------ Task inputs

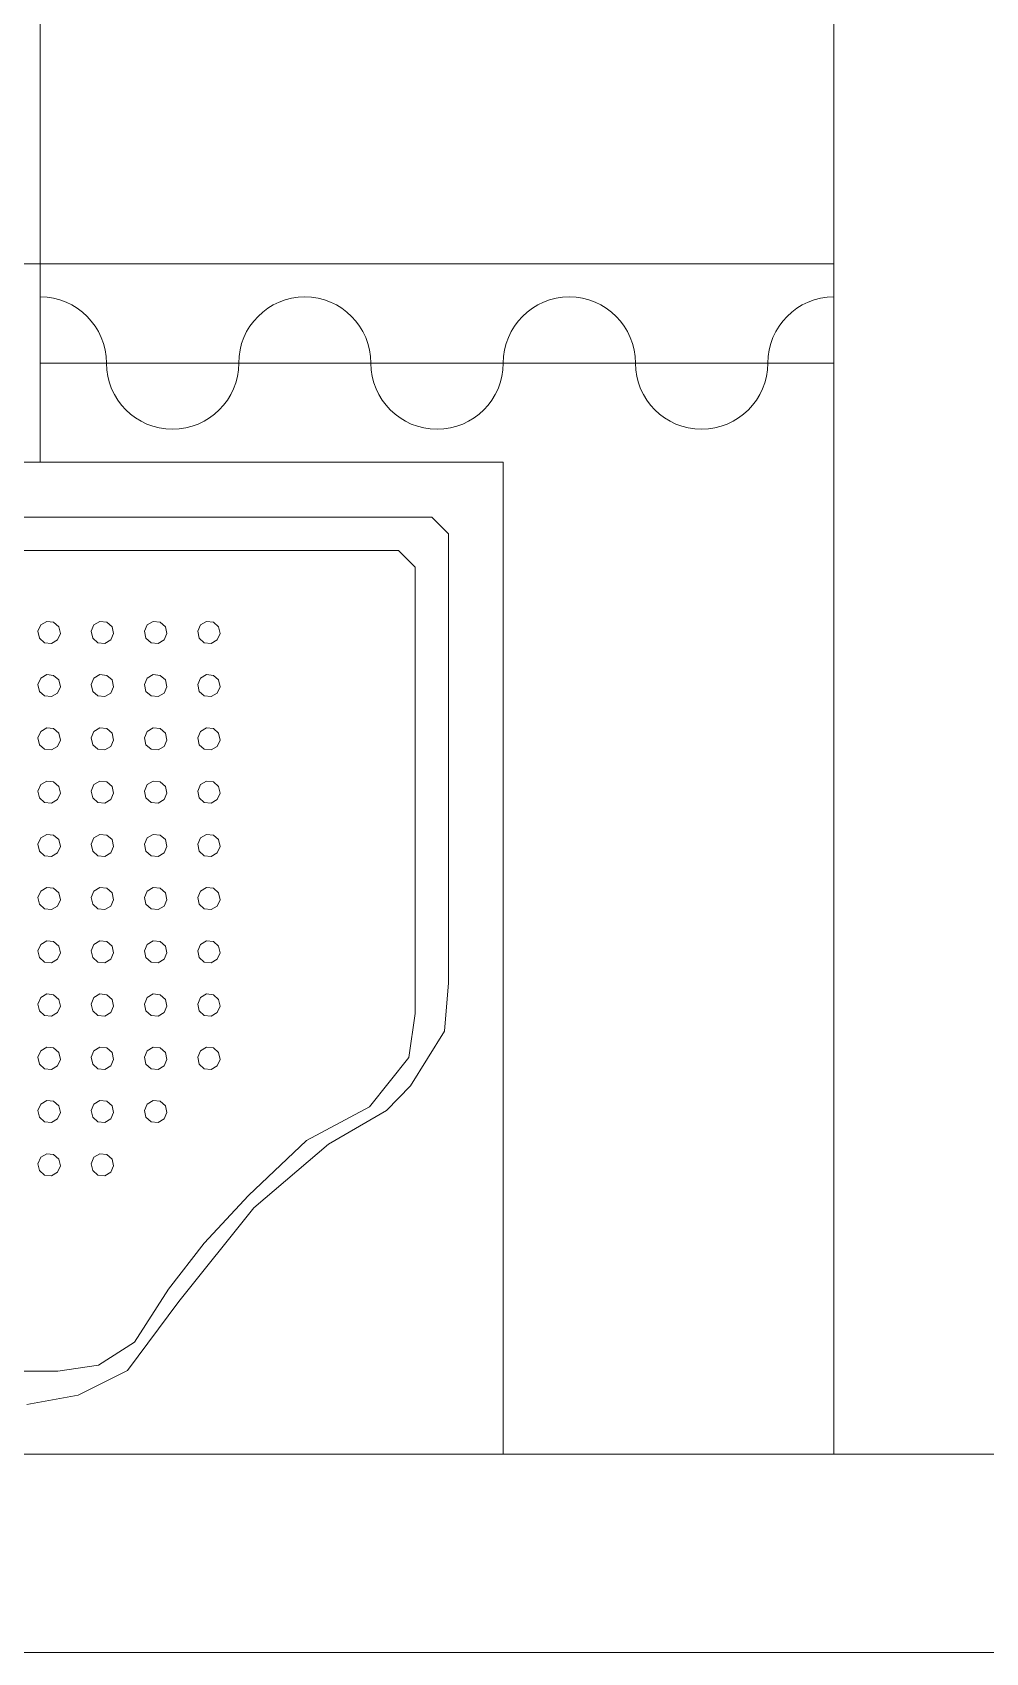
# Model space of a CAD drawing. Header units: millimetres. Extents: x -32 to 1412, y -324 to 2887.
# Drawn here: x 1030.935 to 1031.656, y 2053.059 to 2054.284 of the extents above; entities that cross this region are included whole.
import ezdxf

# ---------------------------------------------------------------- set-up
doc = ezdxf.new("R2010")
doc.units = ezdxf.units.MM
doc.header["$LTSCALE"] = 0.5
doc.layers.add('arquitetura', color=252, linetype='CONTINUOUS', lineweight=5)

msp = doc.modelspace()

# ---------------------------------------------------------------- linework, layer by layer
at = {"layer": 'arquitetura', "color": 252}
for p, q in [((1031.5412, 2055.0591), (1031.5412, 2053.2091)), ((1030.9412, 2054.9091), (1030.9412, 2054.1091)), ((1030.5412, 2054.1091), (1030.9412, 2054.1091)), ((1030.9412, 2054.1091), (1031.5412, 2054.1091)), ((1030.9412, 2054.1091), (1030.9412, 2053.9591)), ((1031.5412, 2054.1091), (1030.9412, 2054.1091)), ((1030.9412, 2054.1091), (1030.9412, 2053.9591)), ((1030.9412, 2054.1091), (1031.5412, 2054.1091)), ((1030.9412, 2054.0341), (1031.5412, 2054.0341)), ((1030.5412, 2053.9591), (1030.9412, 2053.9591)), ((1031.2912, 2053.9591), (1030.5412, 2053.9591)), ((1031.2912, 2053.2091), (1031.2912, 2053.9591)), ((1031.2372, 2053.9177), (1030.7467, 2053.9177)), ((1031.2498, 2053.9051), (1031.2372, 2053.9177)), ((1031.2498, 2053.5656), (1031.2498, 2053.9051)), ((1031.212, 2053.8925), (1030.7467, 2053.8925)), ((1031.2246, 2053.8799), (1031.212, 2053.8925)), ((1031.2246, 2053.5423), (1031.2246, 2053.8799)), ((1030.9415, 2053.8361), (1030.9394, 2053.8313)), ((1030.9461, 2053.8388), (1030.9415, 2053.8361)), ((1030.9513, 2053.8383), (1030.9461, 2053.8388)), ((1030.9553, 2053.8348), (1030.9513, 2053.8383)), ((1030.9818, 2053.8361), (1030.9797, 2053.8313)), ((1030.9863, 2053.8388), (1030.9818, 2053.8361)), ((1030.9916, 2053.8383), (1030.9863, 2053.8388)), ((1030.9955, 2053.8348), (1030.9916, 2053.8383)), ((1031.022, 2053.8361), (1031.0199, 2053.8313)), ((1031.0266, 2053.8388), (1031.022, 2053.8361)), ((1031.0318, 2053.8383), (1031.0266, 2053.8388)), ((1031.0358, 2053.8348), (1031.0318, 2053.8383)), ((1031.0623, 2053.8361), (1031.0602, 2053.8313)), ((1031.0668, 2053.8388), (1031.0623, 2053.8361)), ((1031.0721, 2053.8383), (1031.0668, 2053.8388)), ((1031.076, 2053.8348), (1031.0721, 2053.8383)), ((1030.9394, 2053.8313), (1030.9405, 2053.8261)), ((1030.9405, 2053.8261), (1030.9445, 2053.8226)), ((1030.9445, 2053.8226), (1030.9497, 2053.8221)), ((1030.9497, 2053.8221), (1030.9543, 2053.8248)), ((1030.9543, 2053.8248), (1030.9564, 2053.8296)), ((1030.9564, 2053.8296), (1030.9553, 2053.8348)), ((1030.9797, 2053.8313), (1030.9808, 2053.8261)), ((1030.9808, 2053.8261), (1030.9847, 2053.8226)), ((1030.9847, 2053.8226), (1030.99, 2053.8221)), ((1030.99, 2053.8221), (1030.9945, 2053.8248)), ((1030.9945, 2053.8248), (1030.9966, 2053.8296)), ((1030.9966, 2053.8296), (1030.9955, 2053.8348)), ((1031.0199, 2053.8313), (1031.021, 2053.8261)), ((1031.021, 2053.8261), (1031.025, 2053.8226)), ((1031.025, 2053.8226), (1031.0302, 2053.8221)), ((1031.0302, 2053.8221), (1031.0348, 2053.8248)), ((1031.0348, 2053.8248), (1031.0369, 2053.8296)), ((1031.0369, 2053.8296), (1031.0358, 2053.8348)), ((1031.0602, 2053.8313), (1031.0613, 2053.8261)), ((1031.0613, 2053.8261), (1031.0652, 2053.8226)), ((1031.0652, 2053.8226), (1031.0705, 2053.8221)), ((1031.0705, 2053.8221), (1031.075, 2053.8248)), ((1031.075, 2053.8248), (1031.0771, 2053.8296)), ((1031.0771, 2053.8296), (1031.076, 2053.8348)), ((1030.9461, 2053.7986), (1030.9415, 2053.7959)), ((1030.9513, 2053.798), (1030.9461, 2053.7986)), ((1030.9863, 2053.7986), (1030.9818, 2053.7959)), ((1030.9916, 2053.798), (1030.9863, 2053.7986)), ((1031.0266, 2053.7986), (1031.022, 2053.7959)), ((1031.0318, 2053.798), (1031.0266, 2053.7986)), ((1031.0668, 2053.7986), (1031.0623, 2053.7959)), ((1031.0721, 2053.798), (1031.0668, 2053.7986)), ((1030.9415, 2053.7959), (1030.9394, 2053.791)), ((1030.9394, 2053.791), (1030.9405, 2053.7859)), ((1030.9405, 2053.7859), (1030.9445, 2053.7824)), ((1030.9553, 2053.7945), (1030.9513, 2053.798)), ((1030.9543, 2053.7846), (1030.9564, 2053.7894)), ((1030.9564, 2053.7894), (1030.9553, 2053.7945)), ((1030.9818, 2053.7959), (1030.9797, 2053.791)), ((1030.9797, 2053.791), (1030.9808, 2053.7859)), ((1030.9808, 2053.7859), (1030.9847, 2053.7824)), ((1030.9955, 2053.7945), (1030.9916, 2053.798)), ((1030.9945, 2053.7846), (1030.9966, 2053.7894)), ((1030.9966, 2053.7894), (1030.9955, 2053.7945)), ((1031.022, 2053.7959), (1031.0199, 2053.791)), ((1031.0199, 2053.791), (1031.021, 2053.7859)), ((1031.021, 2053.7859), (1031.025, 2053.7824)), ((1031.0358, 2053.7945), (1031.0318, 2053.798)), ((1031.0348, 2053.7846), (1031.0369, 2053.7894)), ((1031.0369, 2053.7894), (1031.0358, 2053.7945)), ((1031.0623, 2053.7959), (1031.0602, 2053.791)), ((1031.0602, 2053.791), (1031.0613, 2053.7859)), ((1031.0613, 2053.7859), (1031.0652, 2053.7824)), ((1031.076, 2053.7945), (1031.0721, 2053.798)), ((1031.075, 2053.7846), (1031.0771, 2053.7894)), ((1031.0771, 2053.7894), (1031.076, 2053.7945)), ((1030.9445, 2053.7824), (1030.9497, 2053.7819)), ((1030.9497, 2053.7819), (1030.9543, 2053.7846)), ((1030.9847, 2053.7824), (1030.99, 2053.7819)), ((1030.99, 2053.7819), (1030.9945, 2053.7846)), ((1031.025, 2053.7824), (1031.0302, 2053.7819)), ((1031.0302, 2053.7819), (1031.0348, 2053.7846)), ((1031.0652, 2053.7824), (1031.0705, 2053.7819)), ((1031.0705, 2053.7819), (1031.075, 2053.7846)), ((1030.9415, 2053.7556), (1030.9394, 2053.7508)), ((1030.9394, 2053.7508), (1030.9405, 2053.7456)), ((1030.9461, 2053.7583), (1030.9415, 2053.7556)), ((1030.9513, 2053.7578), (1030.9461, 2053.7583)), ((1030.9553, 2053.7543), (1030.9513, 2053.7578)), ((1030.9543, 2053.7443), (1030.9564, 2053.7491)), ((1030.9564, 2053.7491), (1030.9553, 2053.7543)), ((1030.9818, 2053.7556), (1030.9797, 2053.7508)), ((1030.9797, 2053.7508), (1030.9808, 2053.7456)), ((1030.9863, 2053.7583), (1030.9818, 2053.7556)), ((1030.9916, 2053.7578), (1030.9863, 2053.7583)), ((1030.9955, 2053.7543), (1030.9916, 2053.7578)), ((1030.9945, 2053.7443), (1030.9966, 2053.7491)), ((1030.9966, 2053.7491), (1030.9955, 2053.7543)), ((1031.022, 2053.7556), (1031.0199, 2053.7508)), ((1031.0199, 2053.7508), (1031.021, 2053.7456)), ((1031.0266, 2053.7583), (1031.022, 2053.7556)), ((1031.0318, 2053.7578), (1031.0266, 2053.7583)), ((1031.0358, 2053.7543), (1031.0318, 2053.7578)), ((1031.0348, 2053.7443), (1031.0369, 2053.7491)), ((1031.0369, 2053.7491), (1031.0358, 2053.7543)), ((1031.0623, 2053.7556), (1031.0602, 2053.7508)), ((1031.0602, 2053.7508), (1031.0613, 2053.7456)), ((1031.0668, 2053.7583), (1031.0623, 2053.7556)), ((1031.0721, 2053.7578), (1031.0668, 2053.7583)), ((1031.076, 2053.7543), (1031.0721, 2053.7578)), ((1031.075, 2053.7443), (1031.0771, 2053.7491)), ((1031.0771, 2053.7491), (1031.076, 2053.7543)), ((1030.9405, 2053.7456), (1030.9445, 2053.7421)), ((1030.9445, 2053.7421), (1030.9497, 2053.7416)), ((1030.9497, 2053.7416), (1030.9543, 2053.7443)), ((1030.9808, 2053.7456), (1030.9847, 2053.7421)), ((1030.9847, 2053.7421), (1030.99, 2053.7416)), ((1030.99, 2053.7416), (1030.9945, 2053.7443)), ((1031.021, 2053.7456), (1031.025, 2053.7421)), ((1031.025, 2053.7421), (1031.0302, 2053.7416)), ((1031.0302, 2053.7416), (1031.0348, 2053.7443)), ((1031.0613, 2053.7456), (1031.0652, 2053.7421)), ((1031.0652, 2053.7421), (1031.0705, 2053.7416)), ((1031.0705, 2053.7416), (1031.075, 2053.7443)), ((1030.9415, 2053.7154), (1030.9394, 2053.7105)), ((1030.9461, 2053.7181), (1030.9415, 2053.7154)), ((1030.9513, 2053.7175), (1030.9461, 2053.7181)), ((1030.9553, 2053.714), (1030.9513, 2053.7175)), ((1030.9564, 2053.7089), (1030.9553, 2053.714)), ((1030.9818, 2053.7154), (1030.9797, 2053.7105)), ((1030.9863, 2053.7181), (1030.9818, 2053.7154)), ((1030.9916, 2053.7175), (1030.9863, 2053.7181)), ((1030.9955, 2053.714), (1030.9916, 2053.7175)), ((1030.9966, 2053.7089), (1030.9955, 2053.714)), ((1031.022, 2053.7154), (1031.0199, 2053.7105)), ((1031.0266, 2053.7181), (1031.022, 2053.7154)), ((1031.0318, 2053.7175), (1031.0266, 2053.7181)), ((1031.0358, 2053.714), (1031.0318, 2053.7175)), ((1031.0369, 2053.7089), (1031.0358, 2053.714)), ((1031.0623, 2053.7154), (1031.0602, 2053.7105)), ((1031.0668, 2053.7181), (1031.0623, 2053.7154)), ((1031.0721, 2053.7175), (1031.0668, 2053.7181)), ((1031.076, 2053.714), (1031.0721, 2053.7175)), ((1031.0771, 2053.7089), (1031.076, 2053.714)), ((1030.9394, 2053.7105), (1030.9405, 2053.7054)), ((1030.9405, 2053.7054), (1030.9445, 2053.7019)), ((1030.9445, 2053.7019), (1030.9497, 2053.7014)), ((1030.9497, 2053.7014), (1030.9543, 2053.7041)), ((1030.9543, 2053.7041), (1030.9564, 2053.7089)), ((1030.9797, 2053.7105), (1030.9808, 2053.7054)), ((1030.9808, 2053.7054), (1030.9847, 2053.7019)), ((1030.9847, 2053.7019), (1030.99, 2053.7014)), ((1030.99, 2053.7014), (1030.9945, 2053.7041)), ((1030.9945, 2053.7041), (1030.9966, 2053.7089)), ((1031.0199, 2053.7105), (1031.021, 2053.7054)), ((1031.021, 2053.7054), (1031.025, 2053.7019)), ((1031.025, 2053.7019), (1031.0302, 2053.7014)), ((1031.0302, 2053.7014), (1031.0348, 2053.7041)), ((1031.0348, 2053.7041), (1031.0369, 2053.7089)), ((1031.0602, 2053.7105), (1031.0613, 2053.7054)), ((1031.0613, 2053.7054), (1031.0652, 2053.7019)), ((1031.0652, 2053.7019), (1031.0705, 2053.7014)), ((1031.0705, 2053.7014), (1031.075, 2053.7041)), ((1031.075, 2053.7041), (1031.0771, 2053.7089)), ((1030.9461, 2053.6778), (1030.9415, 2053.6751)), ((1030.9513, 2053.6773), (1030.9461, 2053.6778)), ((1030.9553, 2053.6738), (1030.9513, 2053.6773)), ((1030.9863, 2053.6778), (1030.9818, 2053.6751)), ((1030.9916, 2053.6773), (1030.9863, 2053.6778)), ((1030.9955, 2053.6738), (1030.9916, 2053.6773)), ((1031.0266, 2053.6778), (1031.022, 2053.6751)), ((1031.0318, 2053.6773), (1031.0266, 2053.6778)), ((1031.0358, 2053.6738), (1031.0318, 2053.6773)), ((1031.0668, 2053.6778), (1031.0623, 2053.6751)), ((1031.0721, 2053.6773), (1031.0668, 2053.6778)), ((1031.076, 2053.6738), (1031.0721, 2053.6773)), ((1030.9415, 2053.6751), (1030.9394, 2053.6703)), ((1030.9394, 2053.6703), (1030.9405, 2053.6651)), ((1030.9405, 2053.6651), (1030.9445, 2053.6616)), ((1030.9497, 2053.6611), (1030.9543, 2053.6638)), ((1030.9543, 2053.6638), (1030.9564, 2053.6686)), ((1030.9564, 2053.6686), (1030.9553, 2053.6738)), ((1030.9818, 2053.6751), (1030.9797, 2053.6703)), ((1030.9797, 2053.6703), (1030.9808, 2053.6651)), ((1030.9808, 2053.6651), (1030.9847, 2053.6616)), ((1030.99, 2053.6611), (1030.9945, 2053.6638)), ((1030.9945, 2053.6638), (1030.9966, 2053.6686)), ((1030.9966, 2053.6686), (1030.9955, 2053.6738)), ((1031.022, 2053.6751), (1031.0199, 2053.6703)), ((1031.0199, 2053.6703), (1031.021, 2053.6651)), ((1031.021, 2053.6651), (1031.025, 2053.6616)), ((1031.0302, 2053.6611), (1031.0348, 2053.6638)), ((1031.0348, 2053.6638), (1031.0369, 2053.6686)), ((1031.0369, 2053.6686), (1031.0358, 2053.6738)), ((1031.0623, 2053.6751), (1031.0602, 2053.6703)), ((1031.0602, 2053.6703), (1031.0613, 2053.6651)), ((1031.0613, 2053.6651), (1031.0652, 2053.6616)), ((1031.0705, 2053.6611), (1031.075, 2053.6638)), ((1031.075, 2053.6638), (1031.0771, 2053.6686)), ((1031.0771, 2053.6686), (1031.076, 2053.6738)), ((1030.9445, 2053.6616), (1030.9497, 2053.6611)), ((1030.9847, 2053.6616), (1030.99, 2053.6611)), ((1031.025, 2053.6616), (1031.0302, 2053.6611)), ((1031.0652, 2053.6616), (1031.0705, 2053.6611)), ((1030.9415, 2053.6349), (1030.9394, 2053.63)), ((1030.9394, 2053.63), (1030.9405, 2053.6249)), ((1030.9461, 2053.6376), (1030.9415, 2053.6349)), ((1030.9513, 2053.637), (1030.9461, 2053.6376)), ((1030.9553, 2053.6335), (1030.9513, 2053.637)), ((1030.9543, 2053.6236), (1030.9564, 2053.6284)), ((1030.9564, 2053.6284), (1030.9553, 2053.6335)), ((1030.9818, 2053.6349), (1030.9797, 2053.63)), ((1030.9797, 2053.63), (1030.9808, 2053.6249)), ((1030.9863, 2053.6376), (1030.9818, 2053.6349)), ((1030.9916, 2053.637), (1030.9863, 2053.6376)), ((1030.9955, 2053.6335), (1030.9916, 2053.637)), ((1030.9945, 2053.6236), (1030.9966, 2053.6284)), ((1030.9966, 2053.6284), (1030.9955, 2053.6335)), ((1031.022, 2053.6349), (1031.0199, 2053.63)), ((1031.0199, 2053.63), (1031.021, 2053.6249)), ((1031.0266, 2053.6376), (1031.022, 2053.6349)), ((1031.0318, 2053.637), (1031.0266, 2053.6376)), ((1031.0358, 2053.6335), (1031.0318, 2053.637)), ((1031.0348, 2053.6236), (1031.0369, 2053.6284)), ((1031.0369, 2053.6284), (1031.0358, 2053.6335)), ((1031.0623, 2053.6349), (1031.0602, 2053.63)), ((1031.0602, 2053.63), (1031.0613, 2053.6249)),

------------

*What to work on:* Each line of the listing that contains the word "ezdxf" must be copied.

*Response to the exercise:*
import ezdxf
doc = ezdxf.new("R2010")
doc.units = ezdxf.units.MM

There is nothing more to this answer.